State parks cope with budget crises
In Idaho, state parks and recreation agencies are facing $4.5 million in budget cuts as the state heads into FY 2011. Instead of closing three of Idaho’s 30 state parks to balance its budget, the Idaho Park and Recreation Board has voted to keep all parks open. The board will reduce services and close some parks on a seasonal basis to keep expenses in line.
Idaho Department of Parks and Recreation (IDPR) director Nancy Merrill outlined the department’s budget-saving strategy: “During the next year, the agency’s goal will be to focus on generating revenue to maintain operations long-term. The good news is, our 30 state parks will remain open for public enjoyment, and we’re confident that our very supportive customers will understand that changes were necessary.”
The department noted that entry to some parks could be limited in the future. In a statement, it said: “Access limitations and seasonal closures will be based on weather and staffs’ ability to accommodate (i.e. snow removal) and historic visitation.”
Visitors to Idaho state parks can expect some changes, including:
- Showers and restrooms will be cleaned less often in many parks,
- Trash will be collected less frequently,
- Customers’ needs may not be addressed as quickly as in the past,
- Park interpretive and youth programs may no longer be available,
- Visitor center hours will be shortened,
- Maintenance within parks will be addressed when staff and funding permit, and
- Limited ability for compliance enforcement of park rules.
On that last point, IDPR communications manager Jennifer Wernex told Govpro.com: “There will be fewer staff in parks all together to accomplish all that needs to be done, including enforcement.”

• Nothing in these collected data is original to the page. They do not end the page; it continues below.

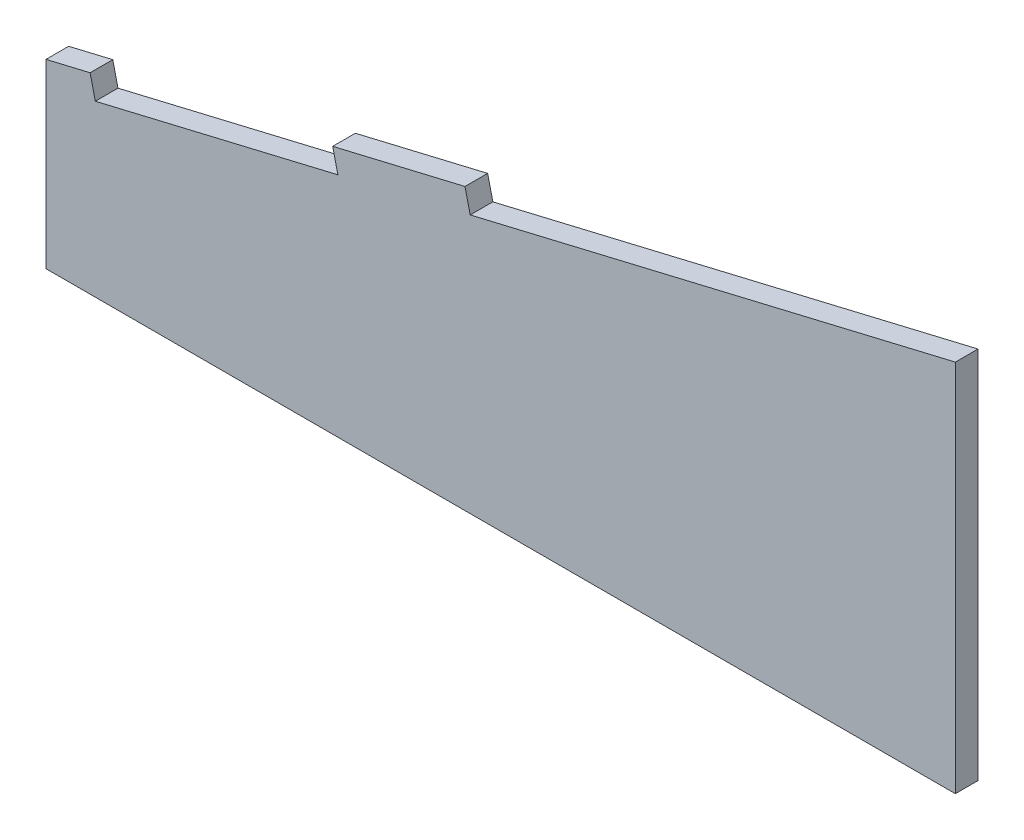
SolidWorks part; units mm, degrees
ref_plane "Front Plane" through (0, 0, 0) normal (0, 0, 1) x (1, 0, 0)
ref_plane "Top Plane" through (0, 0, 0) normal (0, 1, 0) x (1, 0, 0)
ref_plane "Right Plane" through (0, 0, 0) normal (1, 0, 0) x (0, 0, -1)
sketch "Sketch1" plane through (0, 0, 0) normal (0, 0, 1) x (1, 0, 0)
  line L0 (-1911.4418, -134.0959) -> (-1899.0849, -131.1635)
  line L4 (-1899.0849, -131.1635) -> (-1897.6187, -137.3419)
  line L5 (-1897.6187, -137.3419) -> (-1829.6562, -121.2136)
  line L6 (-1829.6562, -121.2136) -> (-1831.1224, -115.0352)
  line L7 (-1831.1224, -115.0352) -> (-1794.052, -106.238)
  line L8 (-1794.052, -106.238) -> (-1792.5858, -112.4164)
  line L9 (-1792.5858, -112.4164) -> (-1712.2665, -93.3557)
  line L13 (-1712.2665, -93.3557) -> (-1656.6608, -80.1598)
  line L16 (184.5866, 190.6964) -> (203.3772, 125.1658) construction
  line L17 (-2174.3162, -580.2088) -> (-1605.9026, -445.3177) construction
  line L18 (-1911.4418, -134.0959) -> (-1911.4418, -184.8959)
  line L19 (-1656.6608, -184.8959) -> (-1656.6608, -80.1598)
  line L20 (-1911.4418, -184.8959) -> (-1656.6608, -184.8959)
  point P12 (256.8473, 69.2881)
  point P16 (-1194.1142, -205.6961)
  point P17 (256.8473, -43.201)
  dimension "D1" = 12.7
  dimension "D2" = 6.35
  dimension "D3" = 69.85
  dimension "D4" = 38.1
  dimension "D5" = 82.55
  dimension "D6" = 57.15
  dimension "D7" = 50.8
extrude "Boss-Extrude1" add sketch "Sketch1" along normal blind 6.35 contours L18 L20 L19 L13 L9 L8 L7 L6 L5 L4 L0 region at (-1767.9963, -145.1566, 0)

A private nonprofit group called Friends of Idaho Parks & Recreation was formed recently in Boise to work on political support for the IDPR, boost volunteerism at state parks and generate long-term funding for parks and recreation projects. “A 2009 study found that Idaho state park campers infused $34.9 million into local economies and $40 million in direct impact to Idaho’s economy,” said Steve Stuebner, a co-founder of the group. “Clearly, our state parks are a vital lynchpin in the tourism economy, one of the state’s most important economic assets.”
Idaho is not alone in taking budget-saving measures in its parks. In Georgia, the state’s Department of Natural Resources (DNR) is looking for corporate sponsors to keep the Peach State’s parks and historic sites open. The move comes as the department is facing sizable budget cuts.
The DNR is hiring a marketing company to find sponsors for events and infrastructure in state-owned parks. Officials say the names of parks will not be sold or auctioned to the highest bidder.
DNR Commissioner Chris Clark describes the move as a creative tactic to close a budget shortfall. “We know who our customers are. We know that they’re not coming to our parks to be bombarded with ads,” Clark was quoted in news reports. “Instead of charging them $15 to park their car there every time they visit, they’re probably OK with a small sign saying this trail brought to you by REI.”